Application latency correlates with the end-user experience, because it indicates the absolute fastest rate that end users can start receiving their data. If the number is nice and fast, then the cloud VM is doing its job well, indicating that there’s not a need to deploy additional VMs to make the service faster.

Finding the Source of Slowness
If the end-user experience looks poor, based on the application latency measurement, then it’s time to look for root causes for the slowdown. Packet capture can help here too.

Most cloud-based applications are designed using Service-Oriented Architecture (SOA), which breaks the application apart into separate but interconnected modules. The classic example is a multi-tiered web site, with a static front end, dynamic middleware, and database. If the database is slow to return data to the middleware, then the entire application will run slowly.

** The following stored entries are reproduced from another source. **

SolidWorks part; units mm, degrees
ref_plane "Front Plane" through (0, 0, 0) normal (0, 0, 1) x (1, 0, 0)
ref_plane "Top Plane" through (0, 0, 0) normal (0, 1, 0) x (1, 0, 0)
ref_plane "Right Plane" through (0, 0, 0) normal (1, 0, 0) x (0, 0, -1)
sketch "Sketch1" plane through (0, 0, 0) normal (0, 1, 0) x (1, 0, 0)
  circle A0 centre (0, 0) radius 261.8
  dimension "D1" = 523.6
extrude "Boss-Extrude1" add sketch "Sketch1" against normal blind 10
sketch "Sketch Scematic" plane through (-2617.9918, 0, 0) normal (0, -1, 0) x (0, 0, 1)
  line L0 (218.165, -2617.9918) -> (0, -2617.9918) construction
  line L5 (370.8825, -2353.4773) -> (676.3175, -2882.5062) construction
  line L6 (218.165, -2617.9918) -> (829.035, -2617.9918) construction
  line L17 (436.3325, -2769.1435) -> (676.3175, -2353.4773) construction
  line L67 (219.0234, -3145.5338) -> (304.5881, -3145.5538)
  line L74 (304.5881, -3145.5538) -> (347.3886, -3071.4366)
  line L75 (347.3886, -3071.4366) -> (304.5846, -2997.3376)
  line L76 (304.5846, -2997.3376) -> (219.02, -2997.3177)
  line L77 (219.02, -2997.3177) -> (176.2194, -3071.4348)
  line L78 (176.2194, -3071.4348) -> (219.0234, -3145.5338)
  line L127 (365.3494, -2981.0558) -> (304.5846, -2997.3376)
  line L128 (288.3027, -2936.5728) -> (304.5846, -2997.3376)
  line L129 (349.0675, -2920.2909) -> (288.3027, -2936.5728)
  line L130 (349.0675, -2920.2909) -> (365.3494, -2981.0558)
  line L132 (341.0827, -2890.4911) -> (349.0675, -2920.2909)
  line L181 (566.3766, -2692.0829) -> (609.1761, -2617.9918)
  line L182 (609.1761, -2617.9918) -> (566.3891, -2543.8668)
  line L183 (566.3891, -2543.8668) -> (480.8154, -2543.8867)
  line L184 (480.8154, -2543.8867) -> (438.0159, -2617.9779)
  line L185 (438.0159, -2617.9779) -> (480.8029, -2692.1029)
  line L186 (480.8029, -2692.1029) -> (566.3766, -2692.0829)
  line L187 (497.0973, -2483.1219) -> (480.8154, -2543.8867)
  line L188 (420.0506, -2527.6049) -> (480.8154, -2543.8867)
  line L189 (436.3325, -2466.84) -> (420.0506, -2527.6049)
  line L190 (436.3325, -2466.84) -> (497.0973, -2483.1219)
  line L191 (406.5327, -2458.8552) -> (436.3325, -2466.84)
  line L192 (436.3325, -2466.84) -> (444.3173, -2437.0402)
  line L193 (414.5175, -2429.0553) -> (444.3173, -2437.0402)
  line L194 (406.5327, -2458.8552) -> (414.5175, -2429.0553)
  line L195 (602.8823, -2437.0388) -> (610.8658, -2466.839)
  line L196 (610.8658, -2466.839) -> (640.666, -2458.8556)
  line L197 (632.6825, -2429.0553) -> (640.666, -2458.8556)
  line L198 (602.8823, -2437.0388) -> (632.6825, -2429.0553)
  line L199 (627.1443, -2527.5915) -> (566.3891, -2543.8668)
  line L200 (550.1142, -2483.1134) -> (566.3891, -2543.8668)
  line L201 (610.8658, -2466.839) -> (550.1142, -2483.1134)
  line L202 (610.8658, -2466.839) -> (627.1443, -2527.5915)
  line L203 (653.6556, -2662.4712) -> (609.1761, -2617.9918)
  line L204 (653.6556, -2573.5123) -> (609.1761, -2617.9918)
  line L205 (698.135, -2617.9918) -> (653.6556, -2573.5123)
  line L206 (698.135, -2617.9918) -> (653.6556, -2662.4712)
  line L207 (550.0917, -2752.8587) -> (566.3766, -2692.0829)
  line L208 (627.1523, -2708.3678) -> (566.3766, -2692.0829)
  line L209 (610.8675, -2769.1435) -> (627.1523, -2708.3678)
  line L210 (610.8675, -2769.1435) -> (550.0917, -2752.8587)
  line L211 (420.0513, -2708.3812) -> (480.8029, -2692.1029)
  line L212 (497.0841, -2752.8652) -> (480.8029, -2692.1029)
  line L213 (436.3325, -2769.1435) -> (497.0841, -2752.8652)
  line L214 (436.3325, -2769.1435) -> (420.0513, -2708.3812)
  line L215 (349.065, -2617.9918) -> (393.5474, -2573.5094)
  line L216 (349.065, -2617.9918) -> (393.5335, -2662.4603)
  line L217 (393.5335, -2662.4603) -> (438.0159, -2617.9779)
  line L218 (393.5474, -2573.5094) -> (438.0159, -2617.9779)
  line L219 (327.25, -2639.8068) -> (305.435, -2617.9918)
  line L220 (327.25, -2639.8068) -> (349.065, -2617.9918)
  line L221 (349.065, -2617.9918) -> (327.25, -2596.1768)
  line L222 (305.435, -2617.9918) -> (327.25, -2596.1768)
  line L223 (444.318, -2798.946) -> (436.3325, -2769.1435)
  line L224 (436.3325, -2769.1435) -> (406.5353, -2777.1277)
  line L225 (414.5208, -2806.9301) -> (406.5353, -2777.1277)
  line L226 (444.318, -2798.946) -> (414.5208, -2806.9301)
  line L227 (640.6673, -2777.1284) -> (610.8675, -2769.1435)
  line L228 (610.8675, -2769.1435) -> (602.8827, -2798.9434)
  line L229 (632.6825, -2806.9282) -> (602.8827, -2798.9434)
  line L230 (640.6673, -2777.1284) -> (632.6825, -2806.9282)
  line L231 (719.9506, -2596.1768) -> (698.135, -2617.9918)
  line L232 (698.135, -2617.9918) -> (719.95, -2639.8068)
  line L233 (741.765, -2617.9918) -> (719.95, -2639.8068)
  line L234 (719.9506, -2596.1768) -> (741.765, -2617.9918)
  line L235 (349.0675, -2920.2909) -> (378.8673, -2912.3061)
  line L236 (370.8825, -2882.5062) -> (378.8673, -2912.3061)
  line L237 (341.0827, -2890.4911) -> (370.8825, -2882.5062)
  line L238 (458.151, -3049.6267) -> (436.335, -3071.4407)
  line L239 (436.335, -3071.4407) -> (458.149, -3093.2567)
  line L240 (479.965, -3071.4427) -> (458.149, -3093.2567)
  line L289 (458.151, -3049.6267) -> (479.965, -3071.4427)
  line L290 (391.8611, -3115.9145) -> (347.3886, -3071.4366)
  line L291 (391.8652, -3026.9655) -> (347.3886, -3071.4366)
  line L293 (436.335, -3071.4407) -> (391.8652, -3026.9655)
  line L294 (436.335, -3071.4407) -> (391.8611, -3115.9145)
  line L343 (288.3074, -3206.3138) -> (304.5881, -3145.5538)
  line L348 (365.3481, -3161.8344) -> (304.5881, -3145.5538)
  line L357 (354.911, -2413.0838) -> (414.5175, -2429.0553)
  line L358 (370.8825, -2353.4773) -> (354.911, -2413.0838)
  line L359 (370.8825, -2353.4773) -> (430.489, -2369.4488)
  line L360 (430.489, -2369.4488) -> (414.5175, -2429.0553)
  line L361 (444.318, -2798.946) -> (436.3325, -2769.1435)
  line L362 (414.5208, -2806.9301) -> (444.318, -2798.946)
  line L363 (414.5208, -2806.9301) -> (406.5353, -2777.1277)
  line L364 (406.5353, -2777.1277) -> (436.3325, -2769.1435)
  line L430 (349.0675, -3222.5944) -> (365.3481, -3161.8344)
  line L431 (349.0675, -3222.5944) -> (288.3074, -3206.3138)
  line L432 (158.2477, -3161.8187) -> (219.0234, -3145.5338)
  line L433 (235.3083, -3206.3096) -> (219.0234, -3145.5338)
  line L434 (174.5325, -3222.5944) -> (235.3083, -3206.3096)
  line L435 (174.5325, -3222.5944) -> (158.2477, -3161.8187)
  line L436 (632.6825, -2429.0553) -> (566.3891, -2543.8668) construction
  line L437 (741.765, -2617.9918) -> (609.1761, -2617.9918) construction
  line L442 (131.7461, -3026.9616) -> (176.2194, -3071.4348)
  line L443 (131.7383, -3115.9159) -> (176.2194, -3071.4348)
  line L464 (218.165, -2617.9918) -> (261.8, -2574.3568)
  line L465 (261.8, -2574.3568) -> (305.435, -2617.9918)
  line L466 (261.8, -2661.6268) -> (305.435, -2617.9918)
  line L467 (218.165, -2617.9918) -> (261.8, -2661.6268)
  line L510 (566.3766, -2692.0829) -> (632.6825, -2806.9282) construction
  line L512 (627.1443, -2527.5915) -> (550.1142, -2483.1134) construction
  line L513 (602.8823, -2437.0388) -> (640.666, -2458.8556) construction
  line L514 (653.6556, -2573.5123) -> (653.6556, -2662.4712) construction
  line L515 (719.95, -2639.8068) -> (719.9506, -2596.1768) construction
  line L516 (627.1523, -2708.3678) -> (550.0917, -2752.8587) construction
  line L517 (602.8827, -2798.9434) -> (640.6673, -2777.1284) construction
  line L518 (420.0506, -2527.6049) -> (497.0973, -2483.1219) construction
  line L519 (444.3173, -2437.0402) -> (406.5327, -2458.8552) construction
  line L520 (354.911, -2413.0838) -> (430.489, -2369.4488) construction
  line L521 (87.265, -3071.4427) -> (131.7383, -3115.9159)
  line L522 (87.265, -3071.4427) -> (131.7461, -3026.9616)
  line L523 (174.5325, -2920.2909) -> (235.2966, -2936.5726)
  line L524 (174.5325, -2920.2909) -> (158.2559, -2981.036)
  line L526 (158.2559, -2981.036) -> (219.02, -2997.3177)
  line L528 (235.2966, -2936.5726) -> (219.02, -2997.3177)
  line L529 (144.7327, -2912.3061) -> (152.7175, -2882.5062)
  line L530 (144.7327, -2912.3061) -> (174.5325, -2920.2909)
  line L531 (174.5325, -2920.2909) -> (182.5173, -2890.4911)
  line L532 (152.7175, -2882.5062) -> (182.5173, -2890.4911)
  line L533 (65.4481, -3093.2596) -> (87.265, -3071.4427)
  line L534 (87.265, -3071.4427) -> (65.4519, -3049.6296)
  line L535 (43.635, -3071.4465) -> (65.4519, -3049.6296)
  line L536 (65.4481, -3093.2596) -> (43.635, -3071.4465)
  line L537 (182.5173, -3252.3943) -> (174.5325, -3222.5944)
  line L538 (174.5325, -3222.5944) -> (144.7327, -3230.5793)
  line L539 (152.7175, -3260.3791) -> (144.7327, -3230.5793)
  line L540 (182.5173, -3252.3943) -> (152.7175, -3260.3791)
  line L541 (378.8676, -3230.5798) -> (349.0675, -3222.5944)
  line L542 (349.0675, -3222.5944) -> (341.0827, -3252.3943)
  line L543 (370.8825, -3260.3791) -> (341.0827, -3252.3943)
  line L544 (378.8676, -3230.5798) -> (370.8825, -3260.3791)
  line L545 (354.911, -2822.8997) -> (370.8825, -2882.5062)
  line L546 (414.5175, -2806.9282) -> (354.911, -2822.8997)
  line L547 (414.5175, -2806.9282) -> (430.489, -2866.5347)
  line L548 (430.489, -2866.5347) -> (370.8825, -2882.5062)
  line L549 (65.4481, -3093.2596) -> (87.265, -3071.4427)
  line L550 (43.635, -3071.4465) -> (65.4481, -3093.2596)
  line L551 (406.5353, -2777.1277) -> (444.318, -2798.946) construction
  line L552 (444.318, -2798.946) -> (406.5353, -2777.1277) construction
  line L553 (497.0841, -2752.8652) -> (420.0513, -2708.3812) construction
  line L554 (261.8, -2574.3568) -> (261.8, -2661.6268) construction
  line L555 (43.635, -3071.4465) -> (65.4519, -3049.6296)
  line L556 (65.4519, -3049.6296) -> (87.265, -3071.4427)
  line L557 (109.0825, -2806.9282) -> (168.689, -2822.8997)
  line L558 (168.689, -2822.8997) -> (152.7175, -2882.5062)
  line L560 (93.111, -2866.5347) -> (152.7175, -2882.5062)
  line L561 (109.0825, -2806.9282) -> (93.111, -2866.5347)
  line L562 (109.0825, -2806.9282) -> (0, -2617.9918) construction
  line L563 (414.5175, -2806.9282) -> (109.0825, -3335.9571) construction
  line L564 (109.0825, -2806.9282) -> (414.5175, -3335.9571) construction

If your cloud-based application is built with SOA principles to rely on external modules, then you can perform application latency measurement on your database queries, AJP requests, and other connectors between the different layers. That means that, in just a few minutes, you can not only measure how well your application is responding to your users, but also determine which layer of the SOA application is causing the current slowdown.

Cloud-based services have trained engineers to rely on dashboards, plug-ins, and server-specific stats to monitor the state of applications, but there’s a lot that packet capture has to offer, even in the IaaS cloud. The hard numbers that you as a network engineer can provide will help your company analyze their decision to run services in the cloud, and determine whether they’re getting their money’s worth.